De verschillen tussen formatief en summatief toetsen kun je in schema als volgt weergeven:


Figuur 1. Verschil tussen summatief en formatief toetsen.

 

2. Wat betekent: Beter worden in geschiedenis?

 

Een wiskunde docent die werk wil maken van Werken aan groei heeft voor zijn vak zo'n tachtig vaardigheden gedefinieerd waaraan leerlingen (in ieder gedeeltelijk) in hun eigen tempo en op een door hen zelf bepaald tijdstip kunnen werken. Als zij de vaardigheid beheersen laten ze dat zien aan de docent en wordt de vaardigheid afgevinkt. Taak volbracht. Zo kan een leerlingen aan de docent laten zien dat hij een tweegraadsvergelijking kan oplossen.

 

Je zou willen dat je bij het vak geschiedenis iets vergelijkbaars zou kunnen doen?  Ik ben bang echter bang dat dat niet het geval is. Bij geschiedenis kun je nooit zeggen dat je een vaardigheid volledig onder de knie hebt. Altijd is er sprake van een beheersing tot op zeker hoogte en het definiëren van die hoogte is niet eenvoudig. Laat staan dat je eenvoudig zou kunnen vaststellen welke hoogte de leerling op een gegeven moment, zeg aan het einde van een leerjaar  in een bepaalde afdeling, gehaald moet hebben.

 

Er is een groot aantal factoren van invloed op de complexiteit van een historische vaardigheid. Zo zijn er de verschilende aspecten van elke historische vaardigheid (zie bijvoorbeeld dit onderdeel van Histoforum) , de complexiteit van de vraagstelling, de complexiteit van de bronnen (taalgebruik, informatiedichtheid) en de complexiteit van de context (zie dit word-document voor een overzicht van factoren).

 

 3. Dimensies van formatief evalueren

Assessment for Learning is een complex begrip waar niet iedereen hetzelfde onder verstaat. Spraakverwarring ligt dan ook op de loer. Sluijsmans e.a. (2013) onderscheiden zeven dimensies waarop men van opvatting kan verschillen:

1. Klassikaal beoordelen versus formatieve feedback.
Er is sprake van een continuüm dat loopt van 'Het kan betrekking hebben op alle vormen van toetsing' tot 'het gaat om beoordelen met het doel feedback te geven, gericht op het stimuleren van zelf-regulerende vaardigheden.
2. Leren van leerlingen versus leren van docenten
Gaat het bij AfL om het verbeteren van de prestaties van leerlingen of om het verbeteren van het geven van instructie door de docent of om beide?
3. Instrument versus proces
Er is sprake van een continuüm dat loopt van 'Het inzetten van (toets)instrumenten' tot 'Het proces van interactie tussen leerling en docent'.
4. Summatief versus formatief
Kan summatief bestaan naast formatief of komt het formatieve toetsen volledig in plaats van summatief toetsen?
5. Georganiseerde inbedding versus on-the-fly
Er is sprake van een continuüm dat loopt van 'Bewust gekozen formatieve toetsing' tot 'Een spontaan optredende formatieve interactie'.
6. Docent versus leerling-gestuurd
Bepaalt de docent het leerproces of krijgen de leerlingen zelf (volledig) het heft in handen als het om hun leerproces gaat?
7. Stap-voor-stap versus ingebed in het leerproces
Er is sprake van een continuüm dat loopt van ijsmans e.a., 2013

4. De formatieve toetscyclus

Where am I going? (feedup) How am I going? (feedback) Where to next? (feedforward).
This is an excellent starting point: “I am an evaluator of my teaching. Who has learnt or not, about what, is it efficient, where to next... (John Hattie)

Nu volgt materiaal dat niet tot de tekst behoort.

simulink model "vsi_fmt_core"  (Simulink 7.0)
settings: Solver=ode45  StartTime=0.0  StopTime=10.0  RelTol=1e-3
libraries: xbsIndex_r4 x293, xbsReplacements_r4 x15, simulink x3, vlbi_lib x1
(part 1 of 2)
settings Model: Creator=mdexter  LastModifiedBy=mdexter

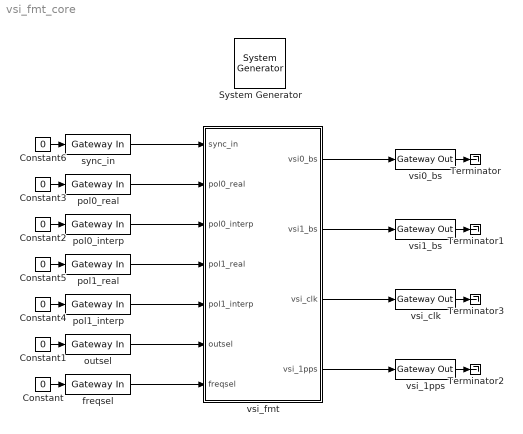
== system vsi_fmt_core ==
  " System Generator" : xbsIndex_r4/ System Generator  Tag=genX  SystemSampleTime=-1  xilinxfamily=virtex2p  part=xc2vp50  speed=-7  package=ff1152  synthesis_tool=XST  clock_wrapper=Clock Enables  directory=./vsi_fmt_core  testbench=off  simulink_period=1  sysclk_period=100  dcm_input_clock_period=100  incr_netlist=off  trim_vbits=Everywhere in SubSystem  dbl_ovrd=According to Block Masks  core_generation=According to Block Masks  run_coregen=off  deprecated_control=off  eval_field=0  block_type=sysgen
      settings: block_version=10.1.3
  Constant{,1..6} (7 alike) : Constant  Value=0
  Terminator{,1..3} (4 alike) : Terminator
  freqsel : xbsIndex_r4/Gateway In  arith_type=Unsigned  n_bits=3  bin_pt=0  quantization="Round  (unbiased: +/- Inf)"  overflow=Saturate  period=1  dbl_ovrd=off  timing_constraint=None  locs_specified=off  LOCs={}  block_type=gatewayin
      settings: infoedit="Gateway in block.  Converts inputs of type Simulink integer, double and fixed point to  Xilinx fixed point type.<P><P>Hardware notes:  In hardware these blocks become top level input ports."  block_version=10.1.3
  outsel : xbsIndex_r4/Gateway In  arith_type=Unsigned  n_bits=2  bin_pt=0  quantization="Round  (unbiased: +/- Inf)"  overflow=Saturate  period=1  dbl_ovrd=off  timing_constraint=None  locs_specified=off  LOCs={}  block_type=gatewayin
      settings: infoedit="Gateway in block.  Converts inputs of type Simulink integer, double and fixed point to  Xilinx fixed point type.<P><P>Hardware notes:  In hardware these blocks become top level input ports."  block_version=10.1.3
  pol0_interp : xbsIndex_r4/Gateway In  arith_type=Unsigned  n_bits=4  bin_pt=0  quantization="Round  (unbiased: +/- Inf)"  overflow=Saturate  period=1  dbl_ovrd=off  timing_constraint=None  locs_specified=off  LOCs={}  block_type=gatewayin
      settings: infoedit="Gateway in block.  Converts inputs of type Simulink integer, double and fixed point to  Xilinx fixed point type.<P><P>Hardware notes:  In hardware these blocks become top level input ports."  block_version=10.1.3
  pol0_real : xbsIndex_r4/Gateway In  arith_type=Unsigned  n_bits=4  bin_pt=0  quantization="Round  (unbiased: +/- Inf)"  overflow=Saturate  period=1  dbl_ovrd=off  timing_constraint=None  locs_specified=off  LOCs={}  block_type=gatewayin
      settings: infoedit="Gateway in block.  Converts inputs of type Simulink integer, double and fixed point to  Xilinx fixed point type.<P><P>Hardware notes:  In hardware these blocks become top level input ports."  block_version=10.1.3
  pol1_interp : xbsIndex_r4/Gateway In  arith_type=Unsigned  n_bits=4  bin_pt=0  quantization="Round  (unbiased: +/- Inf)"  overflow=Saturate  period=1  dbl_ovrd=off  timing_constraint=None  locs_specified=off  LOCs={}  block_type=gatewayin
      settings: infoedit="Gateway in block.  Converts inputs of type Simulink integer, double and fixed point to  Xilinx fixed point type.<P><P>Hardware notes:  In hardware these blocks become top level input ports."  block_version=10.1.3
  pol1_real : xbsIndex_r4/Gateway In  arith_type=Unsigned  n_bits=4  bin_pt=0  quantization="Round  (unbiased: +/- Inf)"  overflow=Saturate  period=1  dbl_ovrd=off  timing_constraint=None  locs_specified=off  LOCs={}  block_type=gatewayin
      settings: infoedit="Gateway in block.  Converts inputs of type Simulink integer, double and fixed point to  Xilinx fixed point type.<P><P>Hardware notes:  In hardware these blocks become top level input ports."  block_version=10.1.3
  sync_in : xbsIndex_r4/Gateway In  arith_type=Boolean  n_bits=16  bin_pt=14  quantization="Round  (unbiased: +/- Inf)"  overflow=Saturate  period=1  dbl_ovrd=off  timing_constraint=None  locs_specified=off  LOCs={}  block_type=gatewayin
      settings: infoedit="Gateway in block.  Converts inputs of type Simulink integer, double and fixed point to  Xilinx fixed point type.<P><P>Hardware notes:  In hardware these blocks become top level input ports."  block_version=10.1.3
  vsi0_bs : xbsIndex_r4/Gateway Out  hdl_port=on  timing_constraint=None  locs_specified=off  LOCs={}  block_type=gatewayout
      settings: infoedit="Gateway out block.  Converts Xilinx fixed point inputs into ouputs of type Simulink integer, double, or fixed point.<P><P>Hardware notes:  In hardware these blocks become top level output ports or are discarded, depending on how they are configured."  block_version=10.1.3
  vsi1_bs : xbsIndex_r4/Gateway Out  hdl_port=on  timing_constraint=None  locs_specified=off  LOCs={}  block_type=gatewayout
      settings: infoedit="Gateway out block.  Converts Xilinx fixed point inputs into ouputs of type Simulink integer, double, or fixed point.<P><P>Hardware notes:  In hardware these blocks become top level output ports or are discarded, depending on how they are configured."  block_version=10.1.3
  vsi_1pps : xbsIndex_r4/Gateway Out  hdl_port=on  timing_constraint=None  locs_specified=off  LOCs={}  block_type=gatewayout
      settings: infoedit="Gateway out block.  Converts Xilinx fixed point inputs into ouputs of type Simulink integer, double, or fixed point.<P><P>Hardware notes:  In hardware these blocks become top level output ports or are discarded, depending on how they are configured."  block_version=10.1.3
  vsi_clk : xbsIndex_r4/Gateway Out  hdl_port=on  timing_constraint=None  locs_specified=off  LOCs={}  block_type=gatewayout
      settings: infoedit="Gateway out block.  Converts Xilinx fixed point inputs into ouputs of type Simulink integer, double, or fixed point.<P><P>Hardware notes:  In hardware these blocks become top level output ports or are discarded, depending on how they are configured."  block_version=10.1.3
  vsi_fmt : Subsystem
  wires:
  vsi_fmt/1(vsi0_bs) -> vsi0_bs/1
  pol0_real/1 -> vsi_fmt/2(pol0_real)
  vsi_fmt/2(vsi1_bs) -> vsi1_bs/1
  pol1_real/1 -> vsi_fmt/4(pol1_real)
  pol0_interp/1 -> vsi_fmt/3(pol0_interp)
  pol1_interp/1 -> vsi_fmt/5(pol1_interp)
  sync_in/1 -> vsi_fmt/1(sync_in)
  outsel/1 -> vsi_fmt/6(outsel)
  vsi_fmt/3(vsi_clk) -> vsi_clk/1
  vsi_fmt/4(vsi_1pps) -> vsi_1pps/1
  freqsel/1 -> vsi_fmt/7(freqsel)
  Constant/1 -> freqsel/1
  Constant1/1 -> outsel/1
  Constant2/1 -> pol0_interp/1
  Constant3/1 -> pol0_real/1
  Constant4/1 -> pol1_interp/1
  Constant5/1 -> pol1_real/1
  Constant6/1 -> sync_in/1
  vsi0_bs/1 -> Terminator/1
  vsi1_bs/1 -> Terminator1/1
  vsi_1pps/1 -> Terminator2/1
  vsi_clk/1 -> Terminator3/1

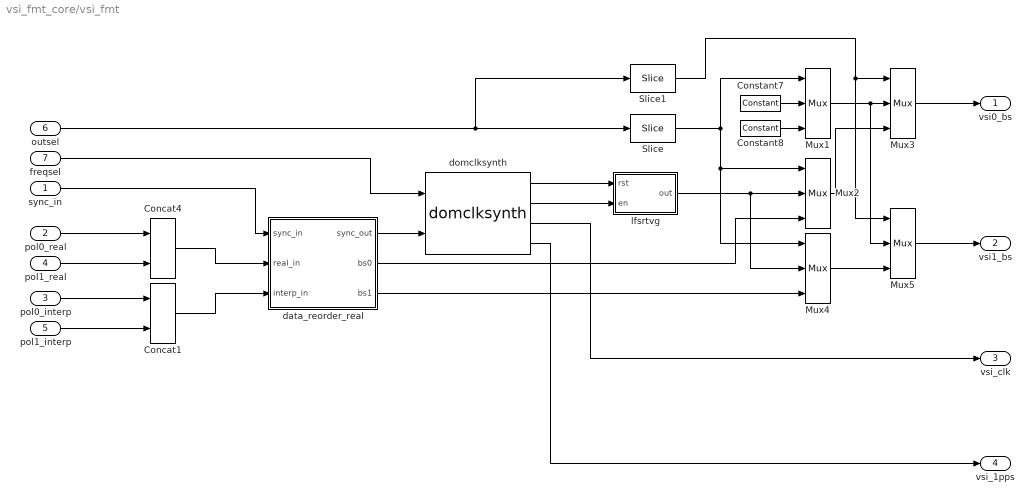
== system vsi_fmt_core/vsi_fmt ==
  sync_in : Inport  OutDataType=sfix(16)  OutScaling=2^0
  pol0_real : Inport  Port=2  OutDataType=sfix(16)  OutScaling=2^0
  pol0_interp : Inport  Port=3  OutDataType=sfix(16)  OutScaling=2^0
  pol1_real : Inport  Port=4  OutDataType=sfix(16)  OutScaling=2^0
  pol1_interp : Inport  Port=5  OutDataType=sfix(16)  OutScaling=2^0
  outsel : Inport  Port=6  OutDataType=sfix(16)  OutScaling=2^0
  freqsel : Inport  Port=7  OutDataType=sfix(16)  OutScaling=2^0
  Concat1 : xbsIndex_r4/Concat  num_inputs=2  dbl_ovrd=off  block_type=concat
      settings: block_version=11.3
  Concat4 : xbsIndex_r4/Concat  num_inputs=2  dbl_ovrd=off  block_type=concat
      settings: block_version=11.3
  Constant7 : xbsIndex_r4/Constant  arith_type=Unsigned  const=0  n_bits=32  bin_pt=0  explicit_period=on  period=1  equ=P=C  opselect=C  inp2=PCIN>>17  opr=+  inp1=P  carry=CIN  dbl_ovrd=off  block_type=constant
      settings: block_version=11.3
  Constant8 : xbsIndex_r4/Constant  arith_type=Unsigned  const=2^32-1  n_bits=32  bin_pt=0  explicit_period=on  period=1  equ=P=C  opselect=C  inp2=PCIN>>17  opr=+  inp1=P  carry=CIN  dbl_ovrd=off  block_type=constant
      settings: block_version=11.3
  Mux{1..5} (5 alike) : xbsIndex_r4/Mux  inputs=2  en=off  latency=1  precision=Full  arith_type="Signed  (2's comp)"  n_bits=8  bin_pt=2  quantization=Truncate  overflow=Wrap  dbl_ovrd=off  block_type=mux
      settings: xl_area=[0, 0, 0, 0, 0, 0, 0]  block_version=11.3
  Slice : xbsIndex_r4/Slice  nbits=1  boolean_output=off  mode=Lower Bit Location + Width  bit1=0  base1=MSB of Input  bit0=0  base0=LSB of Input  dbl_ovrd=off  block_type=slice
      settings: block_version=11.3
  Slice1 : xbsIndex_r4/Slice  nbits=1  boolean_output=off  mode=Lower Bit Location + Width  bit1=0  base1=MSB of Input  bit0=1  base0=LSB of Input  dbl_ovrd=off  block_type=slice
      settings: block_version=11.3
  data_reorder_real : Subsystem  mask{sample_width=2, vsi_clock=64 MHz}
      mask prompts: sample_width "Channel sample width:"; vsi_clock "VSI output clock rate:"
      mask init:
      | myname = gcb;
      | 
      | if (strcmp(vsi_clock, '32 MHz'))
      |     set_param([gcb, '/restream'], 'clock_rate', '32');
      |     set_param([gcb, '/slc_wrmask'], 'bit1', '-1');
      | else
      |     set_param([gcb, '/restream'], 'clock_rate', '64');
      |     set_param([gcb, '/slc_wrmask'], 'bit1', '0');
      | end
      mask StyleString: edit,popup(32 MHz|64 MHz)
  domclksynth : vlbi_lib/domclksynth  SystemSampleTime=-1
  lfsrtvg : Subsystem
  vsi0_bs : Outport  OutDataType=sfix(16)  OutScaling=2^0
  vsi1_bs : Outport  Port=2  OutDataType=sfix(16)  OutScaling=2^0
  vsi_clk : Outport  Port=3  OutDataType=sfix(16)  OutScaling=2^0
  vsi_1pps : Outport  Port=4  OutDataType=sfix(16)  OutScaling=2^0
  wires:
  domclksynth/2 -> lfsrtvg/2(en)
  domclksynth/3 -> vsi_clk/1
  domclksynth/4 -> vsi_1pps/1
  data_reorder_real/1(sync_out) -> domclksynth/2
  data_reorder_real/2(bs0) -> Mux2/3
  domclksynth/1 -> lfsrtvg/1(rst)
  outsel/1 -> Slice/1, Slice1/1
  Constant7/1 -> Mux1/2
  Constant8/1 -> Mux1/3
  Slice/1 -> Mux1/1, Mux2/1, Mux4/1
  lfsrtvg/1(out) -> Mux2/2, Mux4/2
  Mux1/1 -> Mux3/2, Mux5/2
  Mux2/1 -> Mux3/3
  Slice1/1 -> Mux3/1, Mux5/1
  Concat4/1 -> data_reorder_real/2(real_in)
  Concat1/1 -> data_reorder_real/3(interp_in)
  data_reorder_real/3(bs1) -> Mux4/3
  Mux4/1 -> Mux5/3
  pol0_real/1 -> Concat4/1
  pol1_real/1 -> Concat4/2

In de formatieve toetscyclus worden mestal drie fasen onderscheiden, die elk antwoord geven op een kernvraag:
1. Waar gaat de leerling naar toe? (Feedup)
2. Waar staat de leerling nu (Feedback)
3. Hoe komt de leerling naar de gewenste situatie (Feedforward)'

Werken aan 'Werken aan groei' (AfL) begint met het formuleren van eenduidige, duidelijke leerdoelen die richting geven aan het leerproces. Dit wordt feedup genoemd. Het is belangrijk dat leerlingen zoveel mogelijk worden betrokken bij het formuleren van de leerdoelen. Dit bevordert het eigenaarschap en daarmee de motivatie. Dat kan bijvoorbeeld door, samen met hen, succesfactoren te formuleren. Zo kun je leerlingen twee prestaties (antwoorden, betogen, essays) met elkaar laten vergelijken en hen laten benoemen waarom de ene prestatie beter is dan de andere.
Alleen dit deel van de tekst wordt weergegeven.